“’Tis an old saw, Master Hart,” he replied: “‘He laughs best who laughs last.’”

As he spoke, Nell’s orange-cry rang out again above the confusion and the fun. She was still at it. Moll was finding vengeance and money, indeed, though she dwelt upon her accumulating possessions through eyelashes dim with tears.

“It’s near your cue, Mistress Nell,” cried out the watchful Dick at the stage-door.

“Six oranges left; see me sell them, Moll,” cried the unheeding vender.

“It’s near your cue, Mistress Nell!” again shouted the call-boy, in anxious tones.

“Marry, my cue will await my coming, pretty one,” laughed Nell.

The boy was not so sure of that. “Oh, don’t be late, Mistress Nell,” he pleaded. “I’ll buy the oranges rather than have you make a stage-wait.”

“Dear heart,” replied Nell, touched by the lad’s solicitude. “Keep your pennies, Dick, and you and I will have a lark with them some fine day. Six oranges, left; going–going–” She sprang into the throne-chair, placed one of the smallest feet in England impudently on one of its arms and proceeded to vend her remaining wares from on high, to the huge satisfaction of her admirers.

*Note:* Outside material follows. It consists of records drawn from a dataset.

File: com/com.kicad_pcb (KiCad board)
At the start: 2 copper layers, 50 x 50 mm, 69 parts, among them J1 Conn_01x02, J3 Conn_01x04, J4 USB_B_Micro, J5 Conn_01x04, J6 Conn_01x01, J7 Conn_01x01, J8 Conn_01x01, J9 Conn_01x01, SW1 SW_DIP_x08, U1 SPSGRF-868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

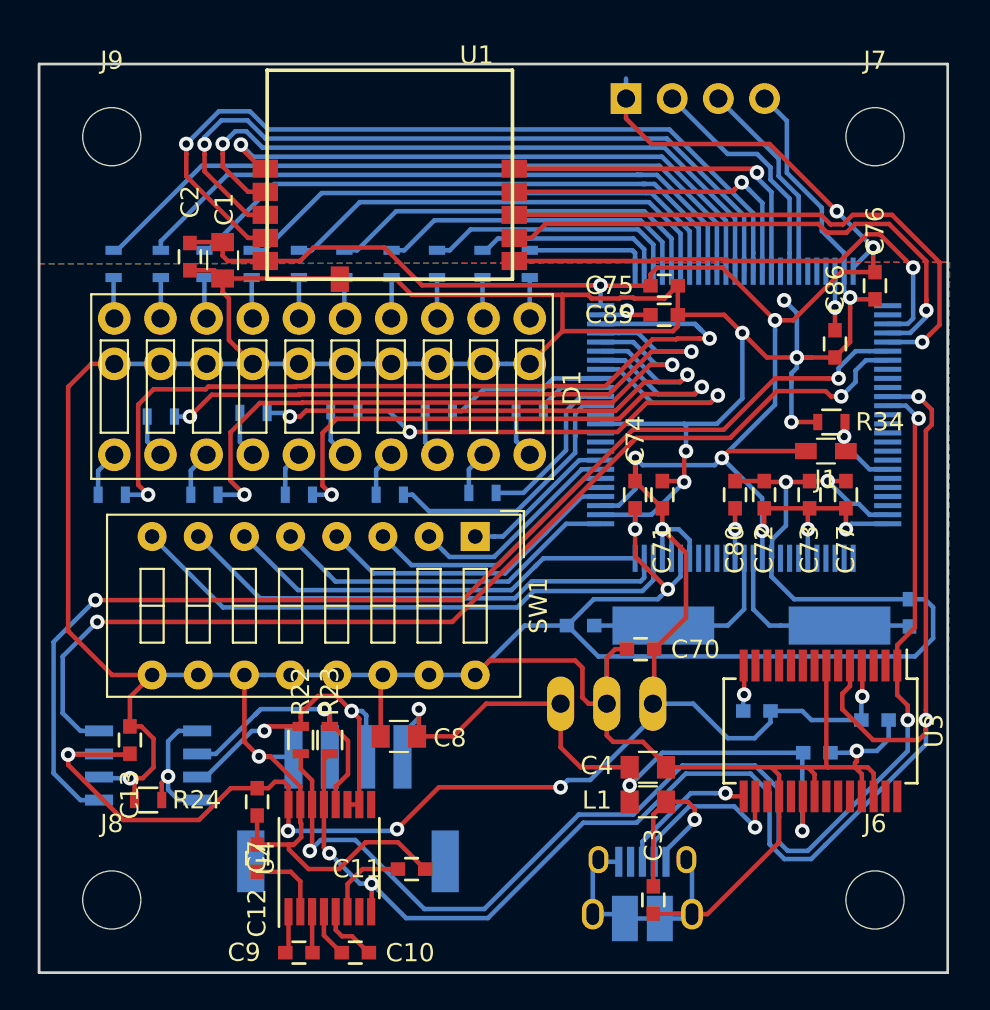
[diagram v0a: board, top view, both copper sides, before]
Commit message: com board: silkscreen and 3d
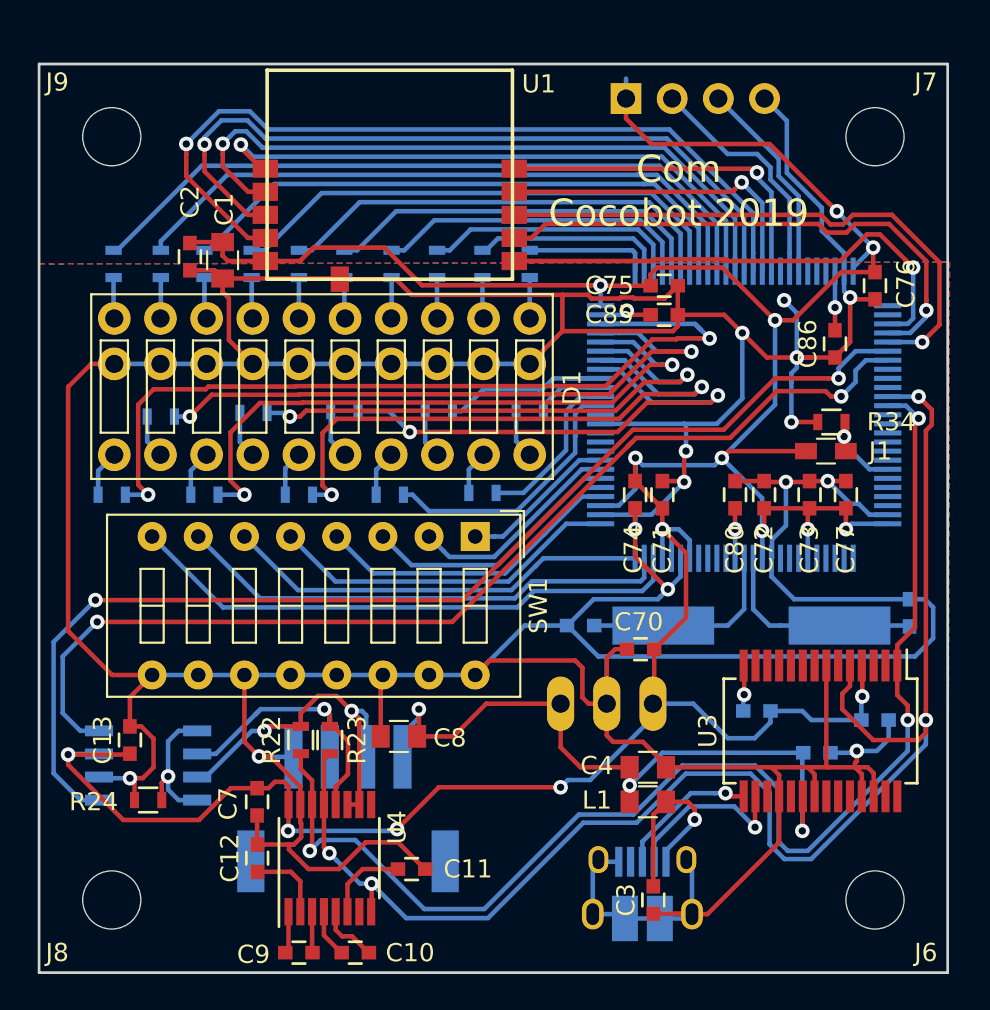
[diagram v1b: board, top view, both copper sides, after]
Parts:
- J4: footprint Connectors:USB_Micro-B_10103594-0001LF -> espitall:USB_Micro-B_10103594-0001LF
- J5: footprint Connectors_JST:JST_PH_S4B-PH-SM4-TB_04x2.00mm_Angled -> espitall:JST_PH_S4B-PH-SM4-TB_04x2.00mm_Angled
- SW1: footprint Buttons_Switches_THT:SW_DIP_x8_W7.62mm_Slide -> espitall:SW_DIP_x8_W7.62mm_Slide
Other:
- board text added: "Com Cocobot 2019"

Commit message: create specific connector for CAN bus
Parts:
- removed J5: Conn_01x04, espitall:JST_PH_S4B-PH-SM4-TB_04x2.00mm_Angled
- added J2: CocobotCAN, espitall:JST_PH_S4B-PH-SM4-TB_04x2.00mm_Angled, B.Cu at (67.0, 91.0)
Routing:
- net GND: track 353.4 -> 373.7 mm

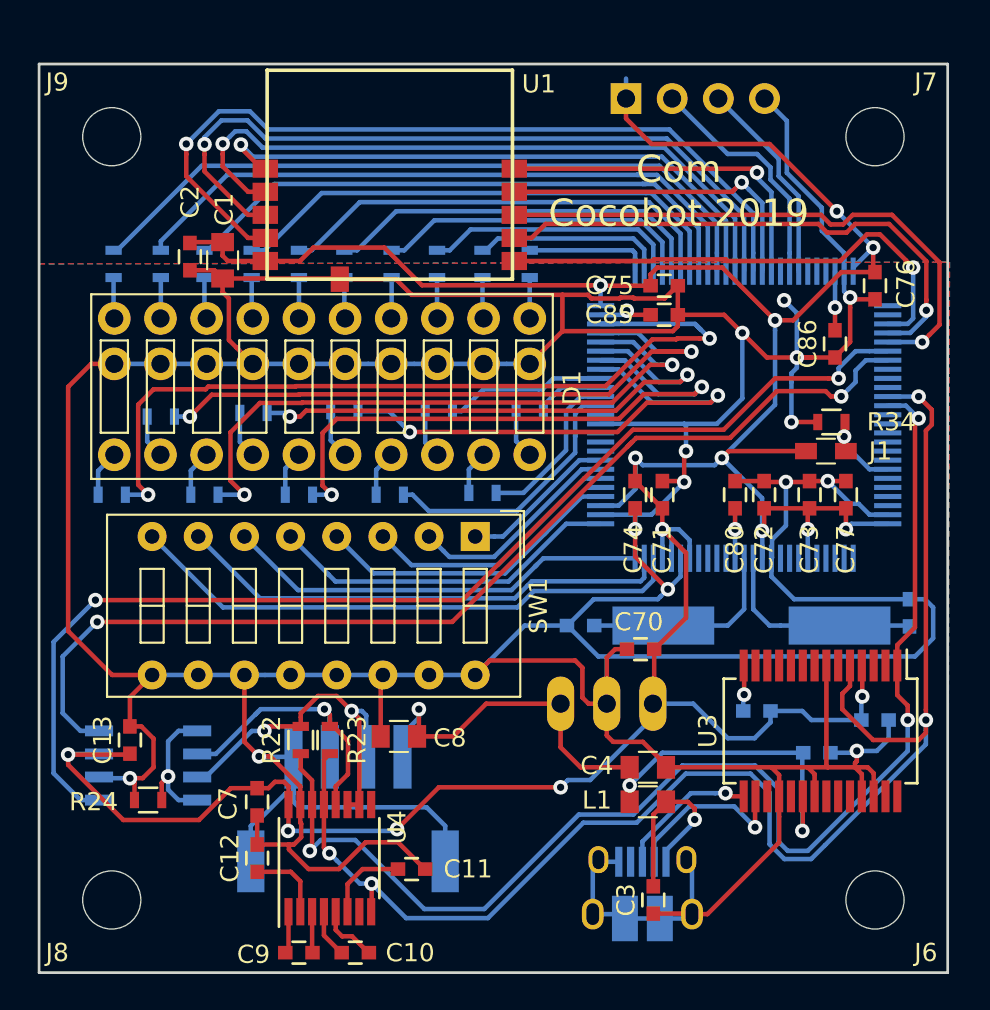
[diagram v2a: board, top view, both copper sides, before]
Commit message: add electrical protection on CAN bus
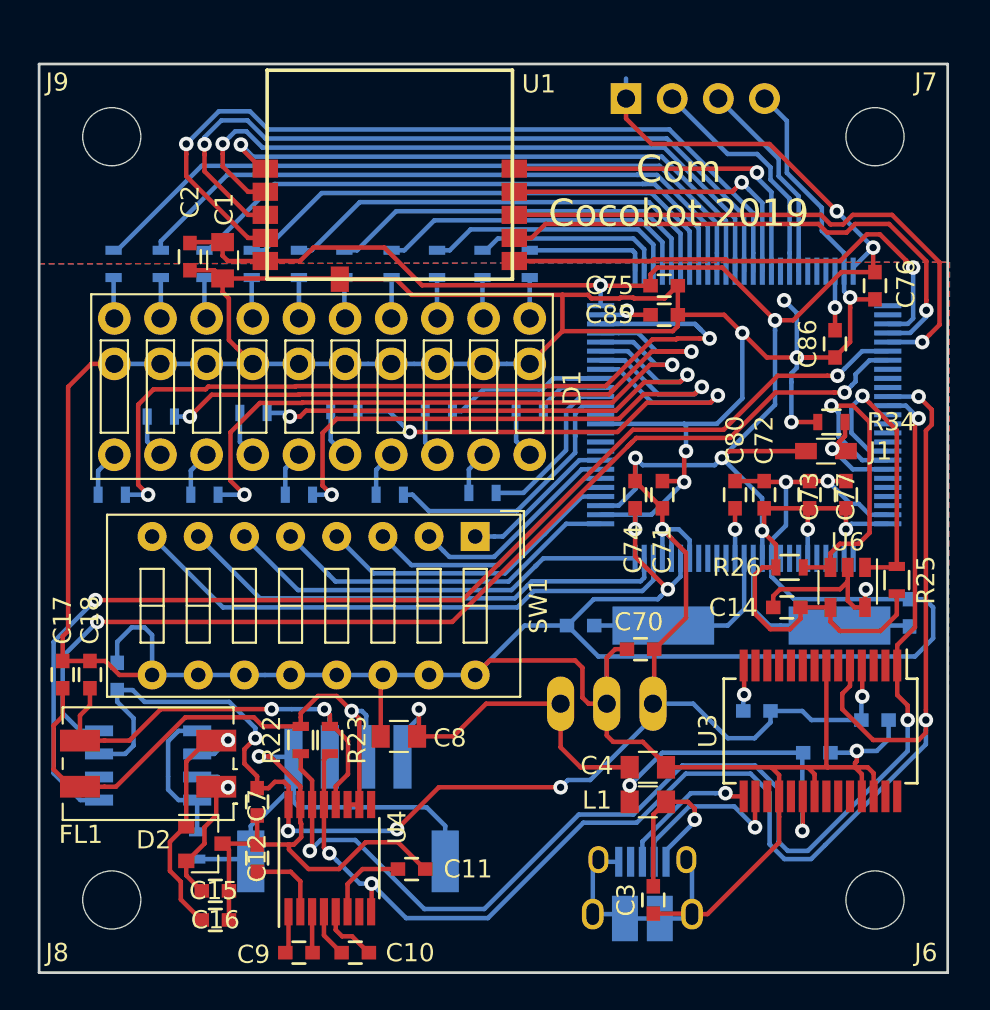
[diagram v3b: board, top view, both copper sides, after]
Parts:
- added C14: 100n, espitall:C_0603, F.Cu at (91.2, 79.9)
- added C15: C, espitall:C_0603, F.Cu at (59.7, 95.5)
- added C16: C, espitall:C_0603, F.Cu at (59.7, 97.1)
- added C17: C, espitall:C_0603, F.Cu at (51.3, 83.6)
- added C18: C, espitall:C_0603, F.Cu at (52.8, 83.6)
- added D2: NUP2105LT1G, espitall:SOT-23, F.Cu at (59.1, 92.9)
- added FL1: DR331-113BE, espitall:DR331, F.Cu at (56.0, 88.5)
- added R25: 2k2, espitall:R_0603, F.Cu at (97.2, 78.4)
- added R26: 2k2, espitall:R_0603, F.Cu at (91.3, 77.7)
- added U6: 24LC64T-I, espitall:SOT-23-5, F.Cu at (94.5, 78.8)
- C13, R24: moved to B.Cu
- moved R24 3.68 mm to (58.7, 93.0), turned to 270 degrees
- moved C13 3.57 mm to (54.3, 83.7)
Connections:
- J4 pad 4: (no net) -> Net-(J4-Pad4)
- J6 pad 1: (no net) -> Net-(J6-Pad1)
- J7 pad 1: (no net) -> Net-(J7-Pad1)
- J8 pad 1: (no net) -> Net-(J8-Pad1)
- J9 pad 1: (no net) -> Net-(J9-Pad1)
- U3 pad 10: (no net) -> Net-(U3-Pad10)
- U3 pad 11: (no net) -> Net-(U3-Pad11)
- U3 pad 12: (no net) -> Net-(U3-Pad12)
- U3 pad 13: (no net) -> Net-(U3-Pad13)
- U3 pad 17: (no net) -> Net-(U3-Pad17)
- U3 pad 19: (no net) -> Net-(U3-Pad19)
- U3 pad 2: (no net) -> Net-(U3-Pad2)
- U3 pad 22: (no net) -> Net-(U3-Pad22)
- U3 pad 23: (no net) -> Net-(U3-Pad23)
- U3 pad 27: (no net) -> Net-(U3-Pad27)
- U3 pad 28: (no net) -> Net-(U3-Pad28)
- U3 pad 3: (no net) -> Net-(U3-Pad3)
- U3 pad 6: (no net) -> Net-(U3-Pad6)
- U3 pad 9: (no net) -> Net-(U3-Pad9)
- U4 pad 7: (no net) -> Net-(U4-Pad7)
- U4 pad 9: (no net) -> Net-(U4-Pad9)
- U5 pad 6: /CAN/can_l -> Net-(C16-Pad1)
- U5 pad 7: /CAN/can_h -> Net-(C15-Pad1)
- U8 pad 1: (no net) -> Net-(U8-Pad1)
- U8 pad 15: (no net) -> Net-(U8-Pad15)
- U8 pad 16: (no net) -> Net-(U8-Pad16)
- U8 pad 17: (no net) -> Net-(U8-Pad17)
- U8 pad 18: (no net) -> Net-(U8-Pad18)
- U8 pad 2: (no net) -> Net-(U8-Pad2)
- U8 pad 3: (no net) -> Net-(U8-Pad3)
- U8 pad 30: (no net) -> Net-(U8-Pad30)
- U8 pad 34: (no net) -> Net-(U8-Pad34)
- U8 pad 35: (no net) -> Net-(U8-Pad35)
- U8 pad 36: (no net) -> Net-(U8-Pad36)
- U8 pad 38: (no net) -> Net-(U8-Pad38)
- U8 pad 4: (no net) -> Net-(U8-Pad4)
- U8 pad 5: (no net) -> Net-(U8-Pad5)
- U8 pad 67: (no net) -> Net-(U8-Pad67)
- U8 pad 7: (no net) -> Net-(U8-Pad7)
- U8 pad 70: (no net) -> Net-(U8-Pad70)
- U8 pad 71: (no net) -> Net-(U8-Pad71)
- U8 pad 72: (no net) -> Net-(U8-Pad72)
- U8 pad 76: (no net) -> Net-(U8-Pad76)
- U8 pad 77: (no net) -> Net-(U8-Pad77)
- U8 pad 8: (no net) -> Net-(U8-Pad8)
- U8 pad 83: (no net) -> Net-(U8-Pad83)
- U8 pad 84: (no net) -> Net-(U8-Pad84)
- U8 pad 85: (no net) -> Net-(U8-Pad85)
- U8 pad 88: (no net) -> Net-(U8-Pad88)
- U8 pad 89: (no net) -> Net-(U8-Pad89)
- U8 pad 9: (no net) -> Net-(U8-Pad9)
- U8 pad 90: (no net) -> Net-(U8-Pad90)
- U8 pad 91: (no net) -> Net-(U8-Pad91)
- U8 pad 92: (no net) -> Net-(R25-Pad2)
- U8 pad 93: (no net) -> Net-(R26-Pad2)
- U8 pad 95: (no net) -> Net-(U8-Pad95)
- U8 pad 96: (no net) -> Net-(U8-Pad96)
- U8 pad 97: (no net) -> Net-(U8-Pad97)
- U8 pad 98: (no net) -> Net-(U8-Pad98)
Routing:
- net Net-(R26-Pad2): track 0.00 -> 18.6 mm, vias 0 -> 1
- net +3V3: track 191.2 -> 208.2 mm
- net Net-(R25-Pad2): track 0.00 -> 16.6 mm, vias 0 -> 1
- net Net-(C16-Pad1): track 0.00 -> 15.3 mm, vias 0 -> 1
- net /CAN/can_h: track 20.3 -> 33.9 mm, vias 2 -> 1
- net Net-(C15-Pad1): track 0.00 -> 11.0 mm, vias 0 -> 1
- net GND: track 373.7 -> 383.9 mm
- net /CAN/can_l: track 19.3 -> 28.3 mm, vias 1 -> 2
- net /uc/BOOT0_3v3: track 5.04 -> 6.09 mm
- net Net-(R24-Pad1): track 7.78 -> 8.08 mm, vias 1 -> 0

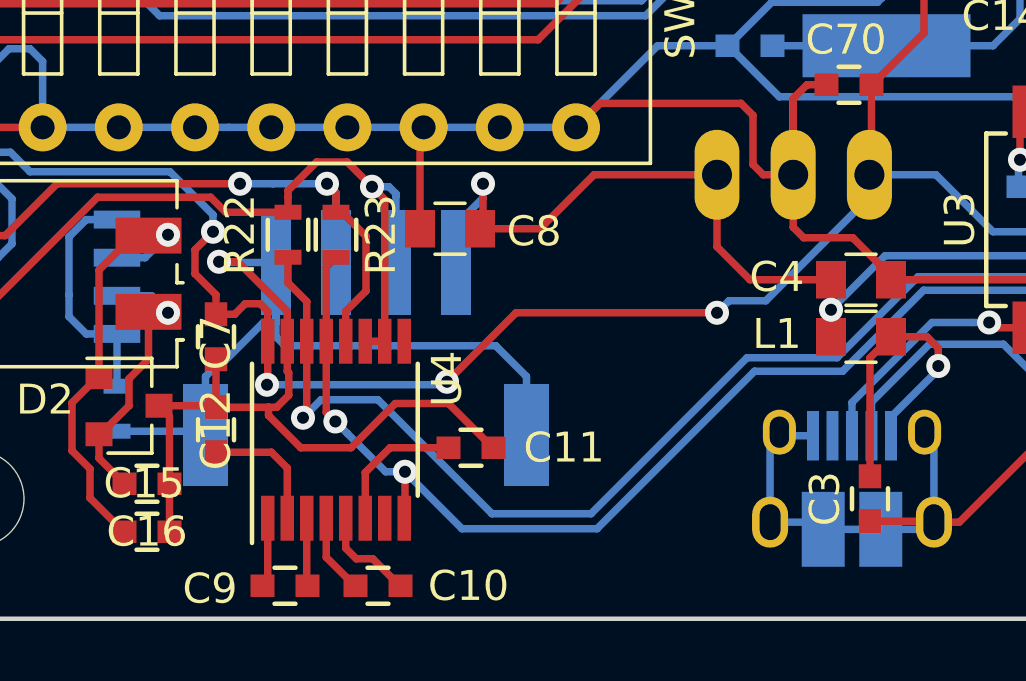
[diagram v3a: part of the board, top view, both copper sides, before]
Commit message: update com board with new CAN connector
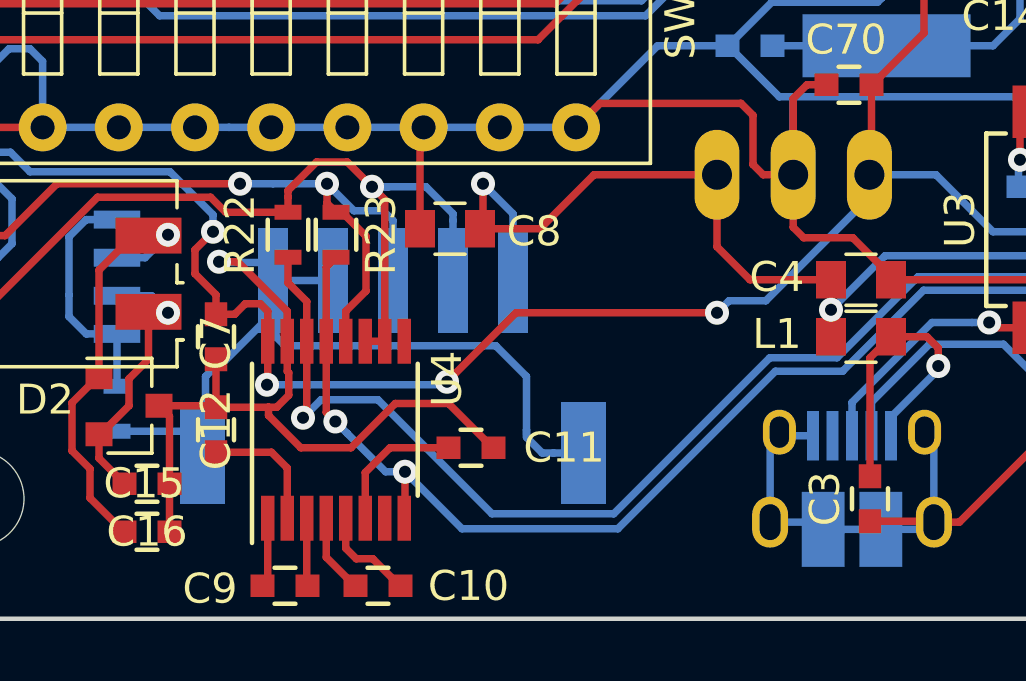
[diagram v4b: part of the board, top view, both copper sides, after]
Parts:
- J2: footprint espitall:JST_PH_S4B-PH-SM4-TB_04x2.00mm_Angled -> espitall:JST_PH_S5B-PH-SM4-TB_05x2.00mm_Angled
- moved J2 1.08 mm to (67.9, 91.6)
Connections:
- J4 pad 4: Net-(J4-Pad4) -> (no net)
- J6 pad 1: Net-(J6-Pad1) -> (no net)
- J7 pad 1: Net-(J7-Pad1) -> (no net)
- J8 pad 1: Net-(J8-Pad1) -> (no net)
- J9 pad 1: Net-(J9-Pad1) -> (no net)
- U3 pad 10: Net-(U3-Pad10) -> (no net)
- U3 pad 11: Net-(U3-Pad11) -> (no net)
- U3 pad 12: Net-(U3-Pad12) -> (no net)
- U3 pad 13: Net-(U3-Pad13) -> (no net)
- U3 pad 17: Net-(U3-Pad17) -> (no net)
- U3 pad 19: Net-(U3-Pad19) -> (no net)
- U3 pad 2: Net-(U3-Pad2) -> (no net)
- U3 pad 22: Net-(U3-Pad22) -> (no net)
- U3 pad 23: Net-(U3-Pad23) -> (no net)
- U3 pad 27: Net-(U3-Pad27) -> (no net)
- U3 pad 28: Net-(U3-Pad28) -> (no net)
- U3 pad 3: Net-(U3-Pad3) -> (no net)
- U3 pad 6: Net-(U3-Pad6) -> (no net)
- U3 pad 9: Net-(U3-Pad9) -> (no net)
- U4 pad 7: Net-(U4-Pad7) -> (no net)
- U4 pad 9: Net-(U4-Pad9) -> (no net)
- U8 pad 1: Net-(U8-Pad1) -> (no net)
- U8 pad 15: Net-(U8-Pad15) -> (no net)
- U8 pad 16: Net-(U8-Pad16) -> (no net)
- U8 pad 17: Net-(U8-Pad17) -> (no net)
- U8 pad 18: Net-(U8-Pad18) -> (no net)
- U8 pad 2: Net-(U8-Pad2) -> (no net)
- U8 pad 3: Net-(U8-Pad3) -> (no net)
- U8 pad 30: Net-(U8-Pad30) -> (no net)
- U8 pad 34: Net-(U8-Pad34) -> (no net)
- U8 pad 35: Net-(U8-Pad35) -> (no net)
- U8 pad 36: Net-(U8-Pad36) -> (no net)
- U8 pad 38: Net-(U8-Pad38) -> (no net)
- U8 pad 4: Net-(U8-Pad4) -> (no net)
- U8 pad 5: Net-(U8-Pad5) -> (no net)
- U8 pad 67: Net-(U8-Pad67) -> (no net)
- U8 pad 7: Net-(U8-Pad7) -> (no net)
- U8 pad 70: Net-(U8-Pad70) -> (no net)
- U8 pad 71: Net-(U8-Pad71) -> (no net)
- U8 pad 72: Net-(U8-Pad72) -> (no net)
- U8 pad 76: Net-(U8-Pad76) -> (no net)
- U8 pad 77: Net-(U8-Pad77) -> (no net)
- U8 pad 8: Net-(U8-Pad8) -> (no net)
- U8 pad 83: Net-(U8-Pad83) -> (no net)
- U8 pad 84: Net-(U8-Pad84) -> (no net)
- U8 pad 85: Net-(U8-Pad85) -> (no net)
- U8 pad 88: Net-(U8-Pad88) -> (no net)
- U8 pad 89: Net-(U8-Pad89) -> (no net)
- U8 pad 9: Net-(U8-Pad9) -> (no net)
- U8 pad 90: Net-(U8-Pad90) -> (no net)
- U8 pad 91: Net-(U8-Pad91) -> (no net)
- U8 pad 95: Net-(U8-Pad95) -> (no net)
- U8 pad 96: Net-(U8-Pad96) -> (no net)
- U8 pad 97: Net-(U8-Pad97) -> (no net)
- U8 pad 98: Net-(U8-Pad98) -> (no net)
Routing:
- net GND: track 383.9 -> 388.3 mm
- net /CAN/can_h: track 33.9 -> 36.6 mm
- net /Computer/5v: track 38.3 -> 38.9 mm

The situation was growing serious. Nell was not to be trifled with. The actors stood breathless. Hart grew wild as he realized the difficulty and the fact that she was uncontrollable. King and Parliament, he well knew, could not move her from her whimsical purpose, much less the manager of the King’s.

“What are you doing, Nell?” he pleaded, wildly. “You will ruin the first night. His Majesty in front, too! Dryden will never forgive us if ‘Granada’ goes wrong through our fault.”